## Work request
Output the opening lines of the records exactly. End with the line that contains "Commit message: Update keyboard".

## Provided records
──────────

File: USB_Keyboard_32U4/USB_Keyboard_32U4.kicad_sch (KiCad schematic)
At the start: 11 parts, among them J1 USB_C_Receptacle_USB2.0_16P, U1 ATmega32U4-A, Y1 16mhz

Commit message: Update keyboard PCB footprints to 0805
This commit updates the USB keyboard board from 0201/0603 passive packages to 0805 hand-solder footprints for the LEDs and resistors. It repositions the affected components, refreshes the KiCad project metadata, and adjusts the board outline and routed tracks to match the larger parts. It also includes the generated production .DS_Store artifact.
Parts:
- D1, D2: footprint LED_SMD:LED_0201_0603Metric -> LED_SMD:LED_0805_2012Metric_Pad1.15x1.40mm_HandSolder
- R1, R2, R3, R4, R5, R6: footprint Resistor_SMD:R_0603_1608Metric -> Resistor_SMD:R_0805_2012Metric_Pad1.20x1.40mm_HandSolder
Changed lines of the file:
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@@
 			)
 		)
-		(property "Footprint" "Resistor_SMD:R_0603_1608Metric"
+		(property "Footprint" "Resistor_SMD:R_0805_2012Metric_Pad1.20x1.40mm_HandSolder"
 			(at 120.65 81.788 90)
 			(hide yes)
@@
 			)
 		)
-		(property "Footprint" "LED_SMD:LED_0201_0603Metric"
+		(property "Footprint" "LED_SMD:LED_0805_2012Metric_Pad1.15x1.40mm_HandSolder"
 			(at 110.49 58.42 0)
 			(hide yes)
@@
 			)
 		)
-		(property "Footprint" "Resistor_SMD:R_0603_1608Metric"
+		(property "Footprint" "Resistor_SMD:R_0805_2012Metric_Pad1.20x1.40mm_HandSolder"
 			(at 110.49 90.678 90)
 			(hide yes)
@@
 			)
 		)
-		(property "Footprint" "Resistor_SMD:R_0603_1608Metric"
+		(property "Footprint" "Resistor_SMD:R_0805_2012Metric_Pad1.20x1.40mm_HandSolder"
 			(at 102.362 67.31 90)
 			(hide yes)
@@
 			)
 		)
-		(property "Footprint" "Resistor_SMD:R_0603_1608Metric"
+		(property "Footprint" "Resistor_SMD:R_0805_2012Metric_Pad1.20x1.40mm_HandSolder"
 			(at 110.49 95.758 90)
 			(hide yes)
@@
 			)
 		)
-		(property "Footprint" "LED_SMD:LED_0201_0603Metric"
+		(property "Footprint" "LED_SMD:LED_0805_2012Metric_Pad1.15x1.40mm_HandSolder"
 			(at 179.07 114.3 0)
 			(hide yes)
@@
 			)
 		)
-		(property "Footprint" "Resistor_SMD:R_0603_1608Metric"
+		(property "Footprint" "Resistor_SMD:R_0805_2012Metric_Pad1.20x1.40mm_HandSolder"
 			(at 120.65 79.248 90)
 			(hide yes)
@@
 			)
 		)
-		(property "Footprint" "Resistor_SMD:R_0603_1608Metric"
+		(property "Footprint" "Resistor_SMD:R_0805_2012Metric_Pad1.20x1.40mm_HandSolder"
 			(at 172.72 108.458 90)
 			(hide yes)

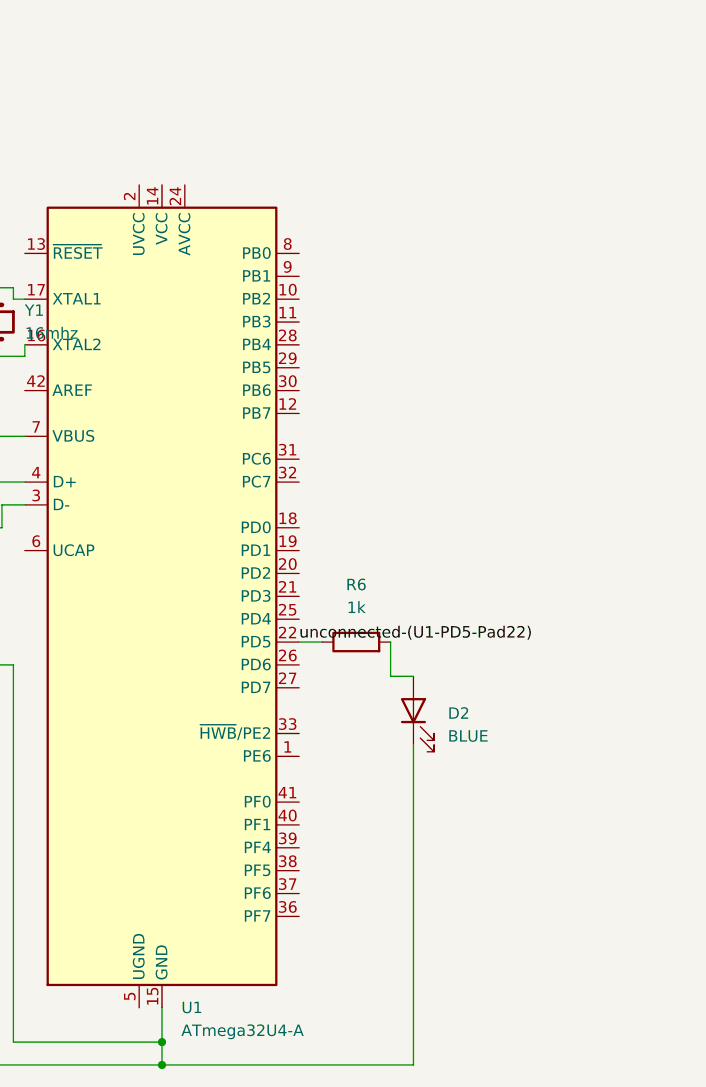
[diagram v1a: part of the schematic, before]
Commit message: Edited some pcb layout
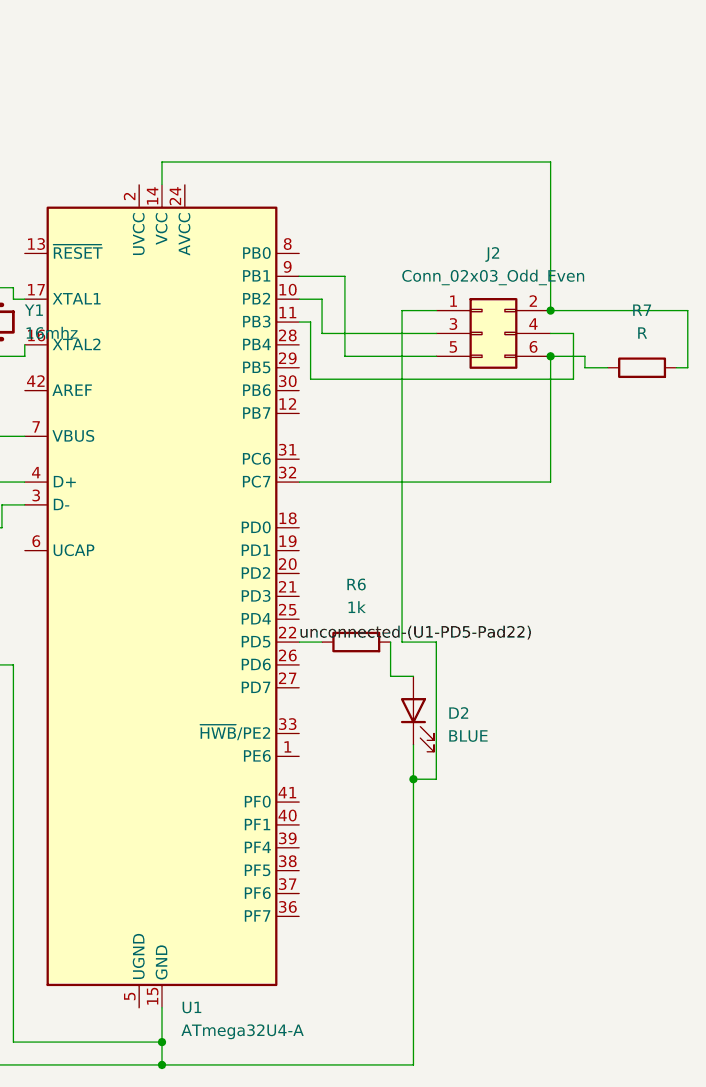
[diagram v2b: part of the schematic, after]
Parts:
- added J2: Conn_02x03_Odd_Even, Connector_PinHeader_2.54mm:PinHeader_2x03_P2.54mm_Vertical, symbol Connector_Generic:Conn_02x03_Odd_Even
- added R7: R, Resistor_SMD:R_0805_2012Metric_Pad1.20x1.40mm_HandSolder, symbol Device:R
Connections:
- net Net-(J1-GND-PadA1): now also J2.1 (Pin_1)
- net at U1.10 (PB2): now also J2.3 (Pin_3)
- net at U1.11 (PB3): now also J2.4 (Pin_4)
- net at U1.14 (VCC), U1.34 (VCC): now also J2.2 (Pin_2), R7.2
- net at U1.32 (PC7): now also J2.6 (Pin_6), R7.1
- net at U1.9 (PB1): now also J2.5 (Pin_5)

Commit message: Updated schematic, pcb and bom.
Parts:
- removed Y1: 16mhz, Crystal:Crystal_SMD_3225-4Pin_3.2x2.5mm, symbol Device:Crystal
- added C1, C2: 27pF, Capacitor_SMD:C_0603_1608Metric_Pad1.08x0.95mm_HandSolder, symbol Device:C
- added C3, C4, C5, C6, C9: 100nF, Capacitor_SMD:C_0603_1608Metric_Pad1.08x0.95mm_HandSolder, symbol Device:C
- added C7: 10uF, Capacitor_SMD:C_0603_1608Metric_Pad1.08x0.95mm_HandSolder, symbol Device:C
- added C8: 1uF, Capacitor_SMD:C_0603_1608Metric_Pad1.08x0.95mm_HandSolder, symbol Device:C
- added Y1: 16MHz, Crystal:Crystal_SMD_3225-4Pin_3.2x2.5mm, symbol Device:Crystal_GND24
- D1, D2: footprint LED_SMD:LED_0805_2012Metric_Pad1.15x1.40mm_HandSolder -> LED_SMD:LED_0603_1608Metric_Pad1.05x0.95mm_HandSolder
- J2: footprint Connector_PinHeader_2.54mm:PinHeader_2x03_P2.54mm_Vertical -> 2x3 Pads:MicroKey_AVR_ISP_2x3_SMD
- R1, R2, R3, R4, R5, R6: footprint Resistor_SMD:R_0805_2012Metric_Pad1.20x1.40mm_HandSolder -> Resistor_SMD:R_0603_1608Metric_Pad0.98x0.95mm_HandSolder
- R7: value R -> 10k; footprint Resistor_SMD:R_0805_2012Metric_Pad1.20x1.40mm_HandSolder -> Resistor_SMD:R_0603_1608Metric_Pad0.98x0.95mm_HandSolder
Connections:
- net VCC: now reaches J2.2 (Pin_2), U1.14 (VCC), U1.34 (VCC)
- net VCC: now also J1.A4 (VBUS), J1.A9 (VBUS), J1.B4 (VBUS), J1.B9 (VBUS), R5.1, R7.1, U1.2 (UVCC), U1.24 (AVCC), U1.44 (AVCC), U1.7 (VBUS), C3.1, C4.1, C5.1, C6.1, C7.1; no longer R7.2
- net at J1.A6 (D+), R4.1: now also J1.B6 (D+)
- net at J1.A7 (D-), R3.1: now also J1.B7 (D-)
- net GND: now reaches J1.SH (SHIELD)
- net GND: now also D1.2 (A), D2.1 (K), J1.A1 (GND), J1.A12 (GND), J1.B1 (GND), J1.B12 (GND), J2.1 (Pin_1), R1.2, R2.2, U1.15 (GND), U1.23 (GND), U1.35 (GND), U1.43 (GND), U1.5 (UGND), C1.1, C2.1, C3.2, C4.2, C5.2, C6.2, C7.2, C8.2, C9.2, Y1.2, Y1.4
- net D+: now reaches U1.4 (D+)
- net D+: now also R4.2; no longer R3.2
- net at U1.17 (XTAL1): now also C1.2, Y1.1
- net at U1.16 (XTAL2): now also C2.2, Y1.3
- net PB2: now reaches J2.3 (Pin_3), U1.10 (PB2)
- net PB3: now reaches J2.4 (Pin_4), U1.11 (PB3)
- net RESET: now reaches U1.13 (~{RESET})
- net RESET: now also J2.6 (Pin_6), R7.2
- net D-: now reaches U1.3 (D-)
- net D-: now also R3.2; no longer R4.2
- net at U1.42 (AREF): now also C9.1
- net at U1.6 (UCAP): now also C8.1
- net PB1: now reaches J2.5 (Pin_5), U1.9 (PB1)
- removed net Net-(J1-GND-PadA1): D1.1 (K), D2.1 (K), J1.A1 (GND), J1.A12 (GND), J1.B1 (GND), J1.B12 (GND), J2.1 (Pin_1), R1.2, R2.2, U1.15 (GND), U1.23 (GND), U1.35 (GND), U1.43 (GND)
- net unconnected-(U1-PD5-Pad22): no longer names the net of R6.1, U1.22 (PD5)
- new net: D1.1 (K), R5.2
- now unconnected: U1.32 (PC7)

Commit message: Added a folder with finished files.
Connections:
- net GND: now also D1.1 (K); no longer D1.2 (A)
- net at R5.2: now also D1.2 (A); no longer D1.1 (K)
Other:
- moved on the sheet: D1
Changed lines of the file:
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@@
 	(symbol
 		(lib_id "Device:LED")
-		(at 86.36 72.39 90)
+		(at 86.36 72.39 270)
 		(unit 1)
 		(body_style 1)

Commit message: Finalize PCB layout for fabrication
Move the ISP pogo pads to the board underside, add manufacturing-adjusted USB-C and ISP footprints, and refine routing, outline, silkscreen, and design rules. Remove intermediate layout files while retaining final-board verification and relocation records.
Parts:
- J1: footprint Connector_USB:USB_C_Receptacle_GCT_USB4105-xx-A_16P_TopMnt_Horizontal -> MicroKey_Local:USB4105_JLC_0p20mm_NPTH_Clearance
- J2: footprint 2x3 Pads:MicroKey_AVR_ISP_2x3_SMD -> MicroKey_Local:AVR_ISP_2x3_Pogo_3p23x1p80
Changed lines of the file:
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@@
 			)
 		)
-		(property "Footprint" "Connector_USB:USB_C_Receptacle_GCT_USB4105-xx-A_16P_TopMnt_Horizontal"
+		(property "Footprint" "MicroKey_Local:USB4105_JLC_0p20mm_NPTH_Clearance"
 			(at 74.93 99.06 0)
 			(hide yes)
@@
 			)
 		)
-		(property "Footprint" "2x3 Pads:MicroKey_AVR_ISP_2x3_SMD"
+		(property "Footprint" "MicroKey_Local:AVR_ISP_2x3_Pogo_3p23x1p80"
 			(at 218.44 90.17 0)
 			(hide yes)

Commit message: Update USB-C connector footprint
Replace the USB-C receptacle footprint with the GCT_USB4105-GF-A and update its PCB placement. Refresh the BOM, README, and production outputs to match.
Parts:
- J1: footprint MicroKey_Local:USB4105_JLC_0p20mm_NPTH_Clearance -> Custom Footprints:GCT_USB4105-GF-A
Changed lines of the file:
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@@
 			)
 		)
-		(property "Footprint" "MicroKey_Local:USB4105_JLC_0p20mm_NPTH_Clearance"
+		(property "Footprint" "Custom Footprints:GCT_USB4105-GF-A"
 			(at 74.93 99.06 0)
 			(hide yes)

──────────

## Answer section
File: USB_Keyboard_32U4/USB_Keyboard_32U4.kicad_sch (KiCad schematic)
At the start: 11 parts, among them J1 USB_C_Receptacle_USB2.0_16P, U1 ATmega32U4-A, Y1 16mhz

Commit message: Update keyboard PCB footprints to 0805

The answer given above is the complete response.